Forgotten Fields 1

Forgotten Fields review

7
warm and intimate

When writing doesn’t go well, it’s like having water in one’s lungs. You simply can’t breathe. Even when it seems to be going well, one of the most difficult things about writing is that like any art you have to have some idea of what it is that you want to do before you can begin to do it, but even then it is not uncommon for what you have done, when you are done, to not be exactly what it was that you thought that you were doing.

Writing certainly isn’t going well for Sid, the main character in Frostwood Interactive’s new “cozy narrative game,” Forgotten Fields. Sid, a fantasy writer in his late twenties or early thirties who lives somewhere that resembles developer Armaan Sandhu’s home in Goa, India, is trying to formulate an idea for his second novel. Out of money and ideas, Sid has until midnight to come up with an outline for a new book—one that might win him grant funding and keep the lights on.

It is at precisely this moment, of course, that Sid is summoned back to his childhood home for one last dinner before his mother sells the house and moves away in the morning. As Sid travels home, making his way down the coast to these familiar places, he meets old friends, frets that he will never write again, and starts to find the seeds of a new idea. In between moments of everyday life, Sid imagines a girl who has lost her magical abilities, and must leave her home to find them again.

Going home

It cannot be too much of a spoiler to observe that both Sid and the girl he imagines learn over the course of Forgotten Fields that leaving home and returning home—and leaving home in precisely the hope of returning again—are all part of a larger gesture. Forgotten Fields isn’t really about writer’s block, or nostalgia, or the tension between creating for art and creating for money. Part of the wonder of art is that it is possible, sometimes, to create something that isn’t entirely what one might have intended for it to be, and to have done it well, regardless. Forgotten Fields shines less in helping Sid’s imaginary girl find her way into a story, and more in giving the player space to exist with Sid as he drives past the palm trees that separate the highway from the ocean and walks in and out of the homes of his friends and family. If the player encounters these places with a sense of recognition, it is because Forgotten Fields presents them through the eyes of someone who has done the work of looking—and conveying—what they have seen with detail and intimacy.

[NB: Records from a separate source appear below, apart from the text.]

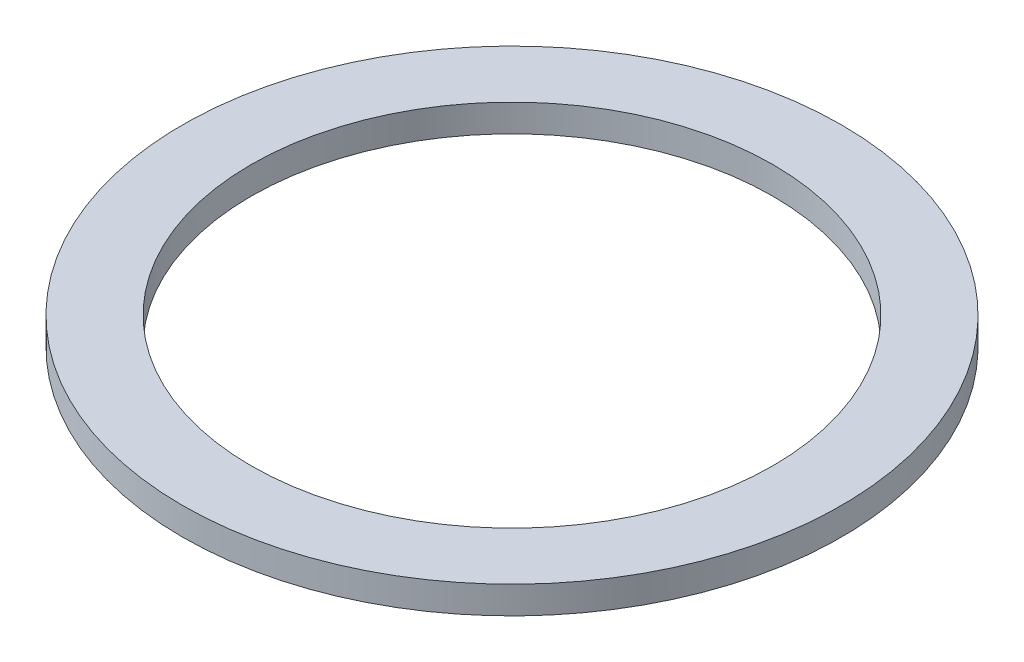
SolidWorks part; units mm, degrees
ref_plane "Front Plane" through (0, 0, 0) normal (0, 0, 1) x (1, 0, 0)
ref_plane "Top Plane" through (0, 0, 0) normal (0, 1, 0) x (1, 0, 0)
ref_plane "Right Plane" through (0, 0, 0) normal (1, 0, 0) x (0, 0, -1)
sketch "Sketch1" plane through (0, 0, 0) normal (0, 1, 0) x (1, 0, 0)
  circle A0 centre (0, 0) radius 60
  dimension "FLANGE_OD" = 120
extrude "Boss-Extrude1" add sketch "Sketch1" along normal blind 5
sketch "Sketch2" plane through (0, 0, 0) normal (0, 1, 0) x (1, 0, 0)
  circle A0 centre (0, 0) radius 47.5
  dimension "BORE_D" = 95
extrude "Cut-Extrude1" cut sketch "Sketch2" along normal through all
sketch "Sketch3" plane through (0, 5, 0) normal (0, 1, 0) x (1, 0, 0)
  circle A0 centre (0, 0) radius 28.0876 construction
  circle A1 centre (-28.0876, 0) radius 2.0052
  dimension "BOLT_D" = 4.0105
  dimension "BOLT_PCD" = 56.1752
extrude "Cut-Extrude2" cut sketch "Sketch3" against normal blind 3.732 rebuild error yes
pattern_circular "CirPattern1" count 8 over 360 rebuild error yes

None of this is to say that Forgotten Fields is without its rough edges. If the game shines in the vibrancy and warmth of its tropical suburbia, it stumbles a bit in other elements. While its interiors feel appropriately cozy, the lack of open space, combined with the angle of its isometric presentation, makes it a bit challenging to get from place to place using WASD controls (Forgotten Fields is expected to offer full controller support in the final release). In a beach scene that asks the player to jump across a series of rocks with a quick time event, Sid’s body sometimes launches into the sky after completing a successful hop.

Growing up

But these things are not what Forgotten Fields is really about. Instead, it’s about when Sid sets the table for dinner at his childhood home, helps an ex-girlfriend with the dishes afterwards and talks about her life and how the lives of their friends seem to be on the verge of changing forever. Leaving home, getting married, moving to the city, coming home and finding out that your home isn’t the place it used to be—all of these are part and parcel of growing up. Sid, living on his own and with a published novel under his belt, might expect to be largely done with that process, but Forgotten Fields’ greatest insight is that growing up isn’t such a simple thing. It’s not a linear process with clear rites of passage; I’m not sure that it ever really was.

We leave home, and we leave again. We carry lost things with us and recreate them as art. We look around while we can, if we’re wise and lucky. We do the work, and even if that does not mean we can go home again, we can recognise it, and share that recognition as Forgotten Fields does, with words, colour, and light.